I have the following three tables (I created an example, to narrow it down)
a) persons
+----------+-------------+------+-----+---------+----------------+
| Field | Type | Null | Key | Default | Extra |
+----------+-------------+------+-----+---------+----------------+
| PersonID | int(11) | NO | PRI | NULL | auto_increment |
| Name | varchar(50) | YES | | NULL | |
| Age | int(11) | YES | | NULL | |
+----------+-------------+------+-----+---------+----------------+
b) person_fav_artists
+----------------+--------------+------+-----+---------+----------------+
| Field | Type | Null | Key | Default | Extra |
+----------------+--------------+------+-----+---------+----------------+
| FavInterpretID | int(10) | NO | PRI | NULL | auto_increment |
| PersonID | int(10) | NO | | 0 | |
| Interpret | varchar(100) | YES | | NULL | |
+----------------+--------------+------+-----+---------+----------------+
c) person_fav_movies
+------------+--------------+------+-----+---------+----------------+
| Field | Type | Null | Key | Default | Extra |
+------------+--------------+------+-----+---------+----------------+
| FavMovieID | int(10) | NO | PRI | NULL | auto_increment |
| PersonID | int(10) | NO | | 0 | |
| Movie | varchar(100) | YES | | NULL | |
+------------+--------------+------+-----+---------+----------------+
My example tables are used to store an any number of artists and movies to a single person.
Weather this makes sence or not doesn´t really matter since it´s just a simple example.

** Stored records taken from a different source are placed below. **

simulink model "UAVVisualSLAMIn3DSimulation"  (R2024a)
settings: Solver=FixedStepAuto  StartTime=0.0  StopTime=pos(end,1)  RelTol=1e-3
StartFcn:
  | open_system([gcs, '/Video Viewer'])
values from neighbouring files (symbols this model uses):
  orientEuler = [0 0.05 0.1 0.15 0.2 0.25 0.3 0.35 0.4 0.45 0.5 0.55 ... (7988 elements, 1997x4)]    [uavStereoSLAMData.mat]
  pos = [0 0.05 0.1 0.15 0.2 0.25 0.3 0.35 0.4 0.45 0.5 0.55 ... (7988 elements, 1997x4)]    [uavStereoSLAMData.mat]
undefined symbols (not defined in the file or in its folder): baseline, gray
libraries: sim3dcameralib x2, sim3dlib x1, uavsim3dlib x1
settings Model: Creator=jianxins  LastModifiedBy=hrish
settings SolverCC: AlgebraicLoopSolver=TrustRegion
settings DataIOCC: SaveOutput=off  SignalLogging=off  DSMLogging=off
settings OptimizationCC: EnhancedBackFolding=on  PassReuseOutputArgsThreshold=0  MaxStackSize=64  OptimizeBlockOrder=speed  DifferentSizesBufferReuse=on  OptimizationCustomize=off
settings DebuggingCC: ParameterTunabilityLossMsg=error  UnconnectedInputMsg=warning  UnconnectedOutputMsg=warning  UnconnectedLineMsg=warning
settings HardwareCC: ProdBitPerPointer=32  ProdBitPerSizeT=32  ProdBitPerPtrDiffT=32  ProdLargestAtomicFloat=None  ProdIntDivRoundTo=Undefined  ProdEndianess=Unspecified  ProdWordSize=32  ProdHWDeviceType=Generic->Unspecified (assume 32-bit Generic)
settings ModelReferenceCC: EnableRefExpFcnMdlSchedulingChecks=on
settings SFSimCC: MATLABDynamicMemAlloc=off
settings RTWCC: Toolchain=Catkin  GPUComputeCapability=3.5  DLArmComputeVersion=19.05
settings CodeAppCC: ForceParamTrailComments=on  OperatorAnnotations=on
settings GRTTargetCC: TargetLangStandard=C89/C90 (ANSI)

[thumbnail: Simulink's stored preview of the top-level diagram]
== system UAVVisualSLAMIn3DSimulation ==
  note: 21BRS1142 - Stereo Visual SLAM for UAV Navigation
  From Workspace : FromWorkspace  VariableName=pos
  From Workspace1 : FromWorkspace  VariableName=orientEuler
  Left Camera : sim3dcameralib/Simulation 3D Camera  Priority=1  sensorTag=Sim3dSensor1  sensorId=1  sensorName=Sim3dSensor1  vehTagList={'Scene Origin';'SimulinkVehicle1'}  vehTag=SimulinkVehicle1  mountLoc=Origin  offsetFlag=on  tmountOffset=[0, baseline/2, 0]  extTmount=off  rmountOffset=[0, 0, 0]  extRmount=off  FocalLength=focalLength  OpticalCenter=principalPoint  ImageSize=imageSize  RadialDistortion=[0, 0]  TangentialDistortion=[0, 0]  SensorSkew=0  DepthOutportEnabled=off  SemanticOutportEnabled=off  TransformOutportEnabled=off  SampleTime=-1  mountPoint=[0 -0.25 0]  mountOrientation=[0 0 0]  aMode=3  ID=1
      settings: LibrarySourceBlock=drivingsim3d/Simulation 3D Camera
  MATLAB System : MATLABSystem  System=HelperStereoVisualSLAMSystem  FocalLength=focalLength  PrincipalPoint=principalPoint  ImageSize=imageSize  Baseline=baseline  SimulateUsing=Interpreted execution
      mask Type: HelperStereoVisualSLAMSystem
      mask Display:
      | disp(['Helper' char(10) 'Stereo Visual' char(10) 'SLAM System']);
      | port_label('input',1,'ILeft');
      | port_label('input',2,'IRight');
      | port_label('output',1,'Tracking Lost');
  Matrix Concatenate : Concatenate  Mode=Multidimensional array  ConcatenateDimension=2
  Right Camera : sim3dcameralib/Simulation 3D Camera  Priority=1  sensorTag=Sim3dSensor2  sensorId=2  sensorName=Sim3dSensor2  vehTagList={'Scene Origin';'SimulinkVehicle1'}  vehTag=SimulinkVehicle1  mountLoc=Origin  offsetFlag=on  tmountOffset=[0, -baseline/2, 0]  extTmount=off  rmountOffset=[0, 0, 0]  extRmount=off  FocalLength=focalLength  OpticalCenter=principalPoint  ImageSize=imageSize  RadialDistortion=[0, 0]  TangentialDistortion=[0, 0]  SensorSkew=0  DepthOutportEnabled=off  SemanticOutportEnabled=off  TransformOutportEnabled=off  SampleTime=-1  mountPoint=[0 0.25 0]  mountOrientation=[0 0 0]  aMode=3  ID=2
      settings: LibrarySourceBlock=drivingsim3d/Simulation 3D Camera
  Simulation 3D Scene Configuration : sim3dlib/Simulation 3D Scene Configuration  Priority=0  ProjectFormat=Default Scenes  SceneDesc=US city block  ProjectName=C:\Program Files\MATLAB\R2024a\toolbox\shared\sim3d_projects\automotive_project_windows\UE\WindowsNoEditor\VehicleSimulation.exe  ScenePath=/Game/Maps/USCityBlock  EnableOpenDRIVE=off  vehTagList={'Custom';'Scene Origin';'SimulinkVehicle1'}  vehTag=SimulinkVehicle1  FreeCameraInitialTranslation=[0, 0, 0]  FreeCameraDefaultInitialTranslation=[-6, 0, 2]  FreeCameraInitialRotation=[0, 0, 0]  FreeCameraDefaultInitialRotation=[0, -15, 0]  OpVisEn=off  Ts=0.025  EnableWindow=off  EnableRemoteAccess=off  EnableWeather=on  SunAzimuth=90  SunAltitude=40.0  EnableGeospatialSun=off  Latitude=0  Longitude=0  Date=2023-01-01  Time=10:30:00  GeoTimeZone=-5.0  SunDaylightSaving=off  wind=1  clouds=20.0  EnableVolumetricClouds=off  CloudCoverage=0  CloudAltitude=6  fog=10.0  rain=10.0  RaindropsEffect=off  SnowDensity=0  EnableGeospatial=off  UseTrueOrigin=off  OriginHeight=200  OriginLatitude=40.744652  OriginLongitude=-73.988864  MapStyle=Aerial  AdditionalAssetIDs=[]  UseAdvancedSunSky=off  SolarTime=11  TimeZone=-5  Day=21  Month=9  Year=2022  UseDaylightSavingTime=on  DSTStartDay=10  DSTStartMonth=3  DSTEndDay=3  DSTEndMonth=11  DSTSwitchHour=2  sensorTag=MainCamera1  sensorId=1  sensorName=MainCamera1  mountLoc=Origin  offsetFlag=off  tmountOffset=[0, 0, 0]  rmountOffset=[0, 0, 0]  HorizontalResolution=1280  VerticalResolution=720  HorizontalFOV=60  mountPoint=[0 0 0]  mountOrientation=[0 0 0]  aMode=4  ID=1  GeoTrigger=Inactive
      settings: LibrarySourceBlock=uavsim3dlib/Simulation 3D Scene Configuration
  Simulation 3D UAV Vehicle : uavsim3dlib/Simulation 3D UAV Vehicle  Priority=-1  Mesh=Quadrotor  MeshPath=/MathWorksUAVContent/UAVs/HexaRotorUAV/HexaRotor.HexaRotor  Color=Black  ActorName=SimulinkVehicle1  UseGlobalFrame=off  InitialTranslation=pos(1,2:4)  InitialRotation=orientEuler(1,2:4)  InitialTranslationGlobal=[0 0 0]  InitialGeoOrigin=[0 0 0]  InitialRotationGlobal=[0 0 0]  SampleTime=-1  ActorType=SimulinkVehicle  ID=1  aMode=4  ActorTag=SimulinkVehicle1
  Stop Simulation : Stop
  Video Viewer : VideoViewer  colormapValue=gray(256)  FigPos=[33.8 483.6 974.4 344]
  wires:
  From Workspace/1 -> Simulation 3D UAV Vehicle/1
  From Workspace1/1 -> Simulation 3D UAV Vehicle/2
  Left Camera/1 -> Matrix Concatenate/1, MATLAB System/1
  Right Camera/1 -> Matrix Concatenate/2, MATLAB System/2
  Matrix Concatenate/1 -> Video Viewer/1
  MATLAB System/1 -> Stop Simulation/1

Now I have the following data in the tables:
mysql> SELECT * FROM persons;
+----------+------+------+
| PersonID | Name | Age |
+----------+------+------+
| 1 | Jeff | 22 |
| 2 | Lisa | 15 |
| 3 | Jon | 30 |
+----------+------+------+
mysql> SELECT * FROM person_fav_artists;
+----------------+----------+----------------+
| FavInterpretID | PersonID | Interpret |
+----------------+----------+----------------+
| 1 | 1 | Linkin Park |
| 2 | 1 | Muse |
| 3 | 2 | Madonna |
| 4 | 2 | Katy Perry |
| 5 | 2 | Britney Spears |
| 6 | 1 | Fort Minor |
| 7 | 1 | Jay Z |
+----------------+----------+----------------+
mysql> SELECT * FROM person_fav_movies;
+------------+----------+-------------------+
| FavMovieID | PersonID | Movie |
+------------+----------+-------------------+
| 1 | 1 | American Pie 1 |
| 2 | 1 | American Pie 2 |
| 3 | 1 | American Pie 3 |
| 4 | 3 | A Game of Thrones |
| 5 | 3 | Eragon |
+------------+----------+-------------------+
Now i´m simply joining the tables with the following query:
Select * FROM persons
LEFT JOIN person_fav_artists USING (PersonID)
LEFT JOIN person_fav_movies USING (PersonID);
which returns the following result:
+----------+------+------+----------------+----------------+------------+-------------------+
| PersonID | Name | Age | FavInterpretID | Interpret | FavMovieID | Movie |
+----------+------+------+----------------+----------------+------------+-------------------+
| 1 | Jeff | 22 | 1 | Linkin Park | 1 | American Pie 1 |
| 1 | Jeff | 22 | 1 | Linkin Park | 2 | American Pie 2 |
| 1 | Jeff | 22 | 1 | Linkin Park | 3 | American Pie 3 |
| 1 | Jeff | 22 | 2 | Muse | 1 | American Pie 1 |
| 1 | Jeff | 22 | 2 | Muse | 2 | American Pie 2 |
| 1 | Jeff | 22 | 2 | Muse | 3 | American Pie 3 |
| 1 | Jeff | 22 | 6 | Fort Minor | 1 | American Pie 1 |
| 1 | Jeff | 22 | 6 | Fort Minor | 2 | American Pie 2 |
| 1 | Jeff | 22 | 6 | Fort Minor | 3 | American Pie 3 |
| 1 | Jeff | 22 | 7 | Jay Z | 1 | American Pie 1 |
| 1 | Jeff | 22 | 7 | Jay Z | 2 | American Pie 2 |
| 1 | Jeff | 22 | 7 | Jay Z | 3 | American Pie 3 |
| 2 | Lisa | 15 | 3 | Madonna | NULL | NULL |
| 2 | Lisa | 15 | 4 | Katy Perry | NULL | NULL |
| 2 | Lisa | 15 | 5 | Britney Spears | NULL | NULL |
| 3 | Jon | 30 | NULL | NULL | 4 | A Game of Thrones |
| 3 | Jon | 30 | NULL | NULL | 5 | Eragon |
+----------+------+------+----------------+----------------+------------+-------------------+
17 rows in set (0.00 sec)
So far so good.
My question is now if it´s "normal" that '12' Rows are returned for the person 'Jeff' despite the fact that he only has four 'artists' and three 'movies' assigned to him.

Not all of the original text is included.